# bullshit



## tytheguy111 (Mar 31, 2014)

Iam sorry and I'll probably get banned for this or this thread will be closed but fuck it iam going to say what's on my mind about RIU



Well to start off WTF why do threads get fucked with by a mod then ended up closed because " someone was hurrasing sonebody " the thread entitled I need a girlfriend that grows as good as I do is a PRIME fucking example in my eye I didn't see anyone fucking with mensabarbie but oh fuck lets dead weight that thread and then sunni (and I know she hates me already) said that mensabarbie needs to quit guilt tripping us with her suicide well fuck I've been there I tried to end it multiple times and if I heard that shit I whould probably try to O.D. again on sleeping pills and meth 

THEN wait hold up THEN I start thinking about all my shit that got deleted and all except one wasn't necessary ( when I posted a link to porn hub that was wrong of me ) and I just feel that unless its spam or someone being as much of a asshole as they can then it shouldn't be deleted and I started a thread about a strain selection and I got fucked with and bullied for it and the comments didn't get deleted you Know why??? Because one of them pulls alot of weight around here (god I sound like a damn pussy) 

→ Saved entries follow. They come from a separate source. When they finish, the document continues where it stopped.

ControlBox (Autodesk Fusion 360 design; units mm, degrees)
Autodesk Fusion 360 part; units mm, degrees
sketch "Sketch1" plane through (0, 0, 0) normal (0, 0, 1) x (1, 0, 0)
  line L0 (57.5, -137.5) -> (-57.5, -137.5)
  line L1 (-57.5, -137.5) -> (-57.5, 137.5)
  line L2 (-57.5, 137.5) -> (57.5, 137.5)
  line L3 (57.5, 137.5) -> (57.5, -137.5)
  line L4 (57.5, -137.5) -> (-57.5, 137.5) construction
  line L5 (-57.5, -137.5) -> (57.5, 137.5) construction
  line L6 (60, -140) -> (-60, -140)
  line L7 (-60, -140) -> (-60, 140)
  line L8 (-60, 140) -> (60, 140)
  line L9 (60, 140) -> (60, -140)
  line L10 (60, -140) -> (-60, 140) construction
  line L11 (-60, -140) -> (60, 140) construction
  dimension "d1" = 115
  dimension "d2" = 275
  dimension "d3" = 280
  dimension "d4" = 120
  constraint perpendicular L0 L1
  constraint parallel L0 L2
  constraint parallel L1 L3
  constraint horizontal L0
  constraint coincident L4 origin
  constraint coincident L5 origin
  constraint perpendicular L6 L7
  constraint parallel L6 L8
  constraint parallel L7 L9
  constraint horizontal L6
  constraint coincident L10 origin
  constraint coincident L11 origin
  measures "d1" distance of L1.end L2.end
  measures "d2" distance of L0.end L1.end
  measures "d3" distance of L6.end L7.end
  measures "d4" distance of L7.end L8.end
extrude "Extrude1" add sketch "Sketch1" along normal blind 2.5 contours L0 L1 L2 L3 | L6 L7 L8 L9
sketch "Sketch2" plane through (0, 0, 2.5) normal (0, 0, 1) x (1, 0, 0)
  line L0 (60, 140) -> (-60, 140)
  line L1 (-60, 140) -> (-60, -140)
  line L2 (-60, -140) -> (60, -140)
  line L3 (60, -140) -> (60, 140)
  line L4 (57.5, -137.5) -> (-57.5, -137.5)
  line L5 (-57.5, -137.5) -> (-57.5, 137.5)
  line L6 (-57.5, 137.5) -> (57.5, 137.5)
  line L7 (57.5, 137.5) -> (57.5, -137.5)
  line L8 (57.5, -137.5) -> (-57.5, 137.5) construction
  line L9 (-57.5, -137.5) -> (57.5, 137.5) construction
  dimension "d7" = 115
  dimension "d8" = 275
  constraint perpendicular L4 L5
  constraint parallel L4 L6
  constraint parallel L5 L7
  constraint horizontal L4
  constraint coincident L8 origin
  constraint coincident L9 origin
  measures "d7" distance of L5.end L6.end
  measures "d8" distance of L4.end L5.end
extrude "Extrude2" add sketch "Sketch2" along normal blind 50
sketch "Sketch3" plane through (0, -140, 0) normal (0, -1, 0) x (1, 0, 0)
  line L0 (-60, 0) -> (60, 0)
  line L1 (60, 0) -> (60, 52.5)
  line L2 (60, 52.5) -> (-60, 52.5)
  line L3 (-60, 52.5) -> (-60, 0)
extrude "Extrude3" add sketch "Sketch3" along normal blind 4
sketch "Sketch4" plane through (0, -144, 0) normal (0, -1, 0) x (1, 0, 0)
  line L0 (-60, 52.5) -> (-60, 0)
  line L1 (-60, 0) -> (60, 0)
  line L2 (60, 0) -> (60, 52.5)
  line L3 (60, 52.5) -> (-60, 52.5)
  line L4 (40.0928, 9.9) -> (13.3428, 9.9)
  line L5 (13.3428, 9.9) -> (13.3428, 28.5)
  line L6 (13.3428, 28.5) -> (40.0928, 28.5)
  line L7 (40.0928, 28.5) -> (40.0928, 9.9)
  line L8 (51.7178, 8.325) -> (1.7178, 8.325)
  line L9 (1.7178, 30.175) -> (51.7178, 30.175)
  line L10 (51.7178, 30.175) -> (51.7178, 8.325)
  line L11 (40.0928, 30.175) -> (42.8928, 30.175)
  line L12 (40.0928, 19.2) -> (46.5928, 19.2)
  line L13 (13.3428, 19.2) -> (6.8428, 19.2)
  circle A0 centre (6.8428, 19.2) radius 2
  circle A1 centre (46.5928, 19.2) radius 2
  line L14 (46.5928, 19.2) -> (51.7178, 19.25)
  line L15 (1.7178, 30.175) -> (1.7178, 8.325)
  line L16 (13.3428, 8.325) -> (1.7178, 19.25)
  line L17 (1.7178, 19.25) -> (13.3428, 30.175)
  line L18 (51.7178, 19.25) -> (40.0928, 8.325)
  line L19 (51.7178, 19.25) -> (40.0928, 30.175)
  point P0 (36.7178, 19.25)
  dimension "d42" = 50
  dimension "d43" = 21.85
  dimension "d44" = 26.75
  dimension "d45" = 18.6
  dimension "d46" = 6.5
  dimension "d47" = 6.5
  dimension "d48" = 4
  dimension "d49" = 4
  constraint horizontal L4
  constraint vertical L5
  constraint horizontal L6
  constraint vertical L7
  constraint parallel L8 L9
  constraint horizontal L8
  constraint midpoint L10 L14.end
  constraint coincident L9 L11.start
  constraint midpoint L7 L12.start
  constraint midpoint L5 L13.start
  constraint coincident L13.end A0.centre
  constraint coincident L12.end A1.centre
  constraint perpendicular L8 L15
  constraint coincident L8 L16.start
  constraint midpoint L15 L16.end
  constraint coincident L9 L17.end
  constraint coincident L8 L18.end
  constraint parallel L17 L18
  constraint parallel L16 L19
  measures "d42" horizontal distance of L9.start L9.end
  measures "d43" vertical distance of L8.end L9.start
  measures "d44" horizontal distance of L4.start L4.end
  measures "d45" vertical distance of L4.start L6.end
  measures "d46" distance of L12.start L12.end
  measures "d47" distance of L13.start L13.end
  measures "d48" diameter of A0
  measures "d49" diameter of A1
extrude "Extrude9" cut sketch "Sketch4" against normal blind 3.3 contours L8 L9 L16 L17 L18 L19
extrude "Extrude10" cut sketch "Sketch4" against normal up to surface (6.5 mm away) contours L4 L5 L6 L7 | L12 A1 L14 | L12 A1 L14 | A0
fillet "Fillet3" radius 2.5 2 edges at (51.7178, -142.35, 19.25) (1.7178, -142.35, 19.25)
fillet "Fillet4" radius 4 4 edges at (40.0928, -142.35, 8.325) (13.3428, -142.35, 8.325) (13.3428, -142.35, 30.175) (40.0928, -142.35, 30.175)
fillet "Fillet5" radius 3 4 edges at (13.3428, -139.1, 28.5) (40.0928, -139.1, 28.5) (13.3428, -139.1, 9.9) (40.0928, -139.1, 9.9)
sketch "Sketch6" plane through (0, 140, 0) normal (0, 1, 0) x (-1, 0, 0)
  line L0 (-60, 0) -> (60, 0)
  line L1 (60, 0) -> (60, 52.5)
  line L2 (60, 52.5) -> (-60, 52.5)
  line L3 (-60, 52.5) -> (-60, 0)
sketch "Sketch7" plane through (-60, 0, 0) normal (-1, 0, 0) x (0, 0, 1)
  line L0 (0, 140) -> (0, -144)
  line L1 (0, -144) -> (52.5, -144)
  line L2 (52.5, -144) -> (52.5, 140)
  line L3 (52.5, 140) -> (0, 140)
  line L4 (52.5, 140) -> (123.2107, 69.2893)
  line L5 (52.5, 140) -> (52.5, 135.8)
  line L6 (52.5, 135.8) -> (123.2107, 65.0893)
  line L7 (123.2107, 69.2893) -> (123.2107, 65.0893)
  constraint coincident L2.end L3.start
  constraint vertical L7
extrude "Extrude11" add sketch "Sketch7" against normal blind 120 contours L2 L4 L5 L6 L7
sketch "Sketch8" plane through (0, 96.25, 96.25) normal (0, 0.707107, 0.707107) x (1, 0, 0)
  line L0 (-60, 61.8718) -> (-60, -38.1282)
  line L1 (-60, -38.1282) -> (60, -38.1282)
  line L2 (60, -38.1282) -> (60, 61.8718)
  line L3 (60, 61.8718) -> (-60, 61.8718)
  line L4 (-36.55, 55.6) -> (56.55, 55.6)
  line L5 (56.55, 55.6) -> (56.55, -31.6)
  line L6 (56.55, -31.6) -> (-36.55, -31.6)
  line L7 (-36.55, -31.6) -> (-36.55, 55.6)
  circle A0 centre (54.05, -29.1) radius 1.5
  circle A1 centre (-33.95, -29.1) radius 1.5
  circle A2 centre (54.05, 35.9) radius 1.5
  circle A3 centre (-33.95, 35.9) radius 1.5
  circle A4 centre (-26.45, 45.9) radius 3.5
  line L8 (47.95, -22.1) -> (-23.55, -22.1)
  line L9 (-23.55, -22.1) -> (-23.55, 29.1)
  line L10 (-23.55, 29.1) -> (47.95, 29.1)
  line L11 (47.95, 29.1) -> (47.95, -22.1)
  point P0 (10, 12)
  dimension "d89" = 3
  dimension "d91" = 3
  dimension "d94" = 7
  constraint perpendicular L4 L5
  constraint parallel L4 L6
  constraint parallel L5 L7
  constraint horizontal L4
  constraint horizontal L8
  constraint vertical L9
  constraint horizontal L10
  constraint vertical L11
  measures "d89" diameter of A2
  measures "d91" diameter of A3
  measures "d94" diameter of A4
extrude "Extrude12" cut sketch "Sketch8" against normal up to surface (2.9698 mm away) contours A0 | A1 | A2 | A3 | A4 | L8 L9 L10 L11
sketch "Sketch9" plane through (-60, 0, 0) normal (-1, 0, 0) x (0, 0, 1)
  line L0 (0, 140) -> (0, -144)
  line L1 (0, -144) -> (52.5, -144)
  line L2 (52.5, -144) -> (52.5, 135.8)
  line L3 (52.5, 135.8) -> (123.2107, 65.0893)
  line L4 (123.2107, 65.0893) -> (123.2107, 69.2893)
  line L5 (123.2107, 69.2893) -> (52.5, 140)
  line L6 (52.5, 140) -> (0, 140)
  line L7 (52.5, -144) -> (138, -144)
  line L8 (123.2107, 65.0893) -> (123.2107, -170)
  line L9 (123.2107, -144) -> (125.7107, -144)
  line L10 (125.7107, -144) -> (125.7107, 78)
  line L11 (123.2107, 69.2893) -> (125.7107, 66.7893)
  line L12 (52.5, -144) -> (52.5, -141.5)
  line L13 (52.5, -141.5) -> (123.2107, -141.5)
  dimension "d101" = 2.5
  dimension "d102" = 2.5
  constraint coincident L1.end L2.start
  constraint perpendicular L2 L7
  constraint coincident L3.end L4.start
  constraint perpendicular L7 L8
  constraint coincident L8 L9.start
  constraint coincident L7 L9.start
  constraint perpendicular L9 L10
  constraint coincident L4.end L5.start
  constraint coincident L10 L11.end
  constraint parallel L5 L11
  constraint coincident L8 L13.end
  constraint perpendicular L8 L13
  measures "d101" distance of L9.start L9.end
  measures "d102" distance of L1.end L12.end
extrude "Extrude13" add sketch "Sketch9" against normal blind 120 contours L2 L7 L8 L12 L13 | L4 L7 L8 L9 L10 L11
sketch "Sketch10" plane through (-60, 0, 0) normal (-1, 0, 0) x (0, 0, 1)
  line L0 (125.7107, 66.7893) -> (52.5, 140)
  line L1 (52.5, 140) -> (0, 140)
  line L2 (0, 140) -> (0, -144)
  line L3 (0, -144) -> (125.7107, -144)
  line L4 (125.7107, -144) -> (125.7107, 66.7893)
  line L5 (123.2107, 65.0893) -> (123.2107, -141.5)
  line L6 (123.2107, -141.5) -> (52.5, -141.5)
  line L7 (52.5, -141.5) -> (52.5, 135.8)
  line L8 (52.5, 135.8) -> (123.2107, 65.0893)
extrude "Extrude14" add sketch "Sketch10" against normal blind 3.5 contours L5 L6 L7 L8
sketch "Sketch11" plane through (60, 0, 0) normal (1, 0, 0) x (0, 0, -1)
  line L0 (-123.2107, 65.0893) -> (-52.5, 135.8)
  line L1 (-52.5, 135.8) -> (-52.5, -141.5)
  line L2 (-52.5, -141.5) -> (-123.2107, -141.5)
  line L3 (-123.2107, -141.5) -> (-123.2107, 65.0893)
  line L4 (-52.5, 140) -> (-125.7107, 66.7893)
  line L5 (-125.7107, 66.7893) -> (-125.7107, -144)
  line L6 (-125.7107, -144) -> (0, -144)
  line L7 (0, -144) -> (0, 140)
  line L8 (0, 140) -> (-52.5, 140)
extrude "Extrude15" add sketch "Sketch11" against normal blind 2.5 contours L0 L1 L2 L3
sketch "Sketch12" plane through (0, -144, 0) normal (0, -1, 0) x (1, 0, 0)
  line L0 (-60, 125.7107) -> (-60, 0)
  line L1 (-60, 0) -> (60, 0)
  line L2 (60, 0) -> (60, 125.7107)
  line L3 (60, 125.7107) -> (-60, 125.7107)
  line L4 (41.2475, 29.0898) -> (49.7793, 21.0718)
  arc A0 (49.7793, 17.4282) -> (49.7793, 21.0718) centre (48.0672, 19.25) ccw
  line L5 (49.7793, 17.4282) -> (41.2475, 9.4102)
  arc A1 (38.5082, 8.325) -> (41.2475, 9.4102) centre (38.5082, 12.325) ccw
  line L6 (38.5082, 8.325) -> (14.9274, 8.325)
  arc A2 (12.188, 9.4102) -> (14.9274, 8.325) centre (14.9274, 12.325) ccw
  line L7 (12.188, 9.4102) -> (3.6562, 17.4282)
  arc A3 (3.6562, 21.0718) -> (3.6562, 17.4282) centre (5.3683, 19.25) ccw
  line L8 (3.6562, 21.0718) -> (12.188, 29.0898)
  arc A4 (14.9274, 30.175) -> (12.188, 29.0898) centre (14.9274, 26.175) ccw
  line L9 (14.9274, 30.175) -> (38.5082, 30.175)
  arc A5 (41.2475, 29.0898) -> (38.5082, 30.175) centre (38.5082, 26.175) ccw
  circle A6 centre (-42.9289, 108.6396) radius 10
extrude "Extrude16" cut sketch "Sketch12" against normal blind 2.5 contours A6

SECONDLY well I don't have a second point but iAM STIL GOING TO TYPE IN CAPS LIKE IAM TRYING TO MAKE A POINT 


But for real idk I feel like grasscity is better now even tho all the people there are trolls and stoner wannabes BUT I can't go back there cuz I asked a friend on a thrwad if he wanted a 1/4 and goodamn I got banned for that I liked it here and I think iam ether on RIU at a bad time or iam wroked up because of that shitty day when I got in that fight at Walmart 

And iam sorry for this thread but part of me says I should hit submit new thread and another says just forget about it because I'll feel like a dick about this after I submit this but i wrote all that so I guess I'll face the consequences for it


----------



## Flaming Pie (Mar 31, 2014)

RIU is on it's period. She's usually pretty nice.


----------



## sunni (Mar 31, 2014)

youre not going to get banned, what you dont see is the countless posts we do delete over the incident int he last few days between those people and mensabarbie, they put out her personal information, all over the website, than she threatened to kill herself, than came back online and start arguments in over 3 different threads with those members.

Other members are tired of it and we dont want to read it.
so i closed the thread until everyone can cool off and once its done and over with it will be reopened like i said.

the only post i ever deleted of yours was a porn link, its against the rules. the reason your thread probably never got delete was because no one reported the posts. mensabarbie will post , than report everyone elses replies afterwards , i think i counted over 20 reported posts from her in one thread.
alot of what you dont understand is what goes behind closed doors into our mod inboxes.


----------



## Flaming Pie (Mar 31, 2014)

Seriously tho...


Alot of people have been leaving because of the likes and posts per page issue. Now everyone is bailing due to the glitches and google issues. 

I feel like there should be a public service announcement by an actual tech person or site owner sttelling us what they are doing to fix the problem.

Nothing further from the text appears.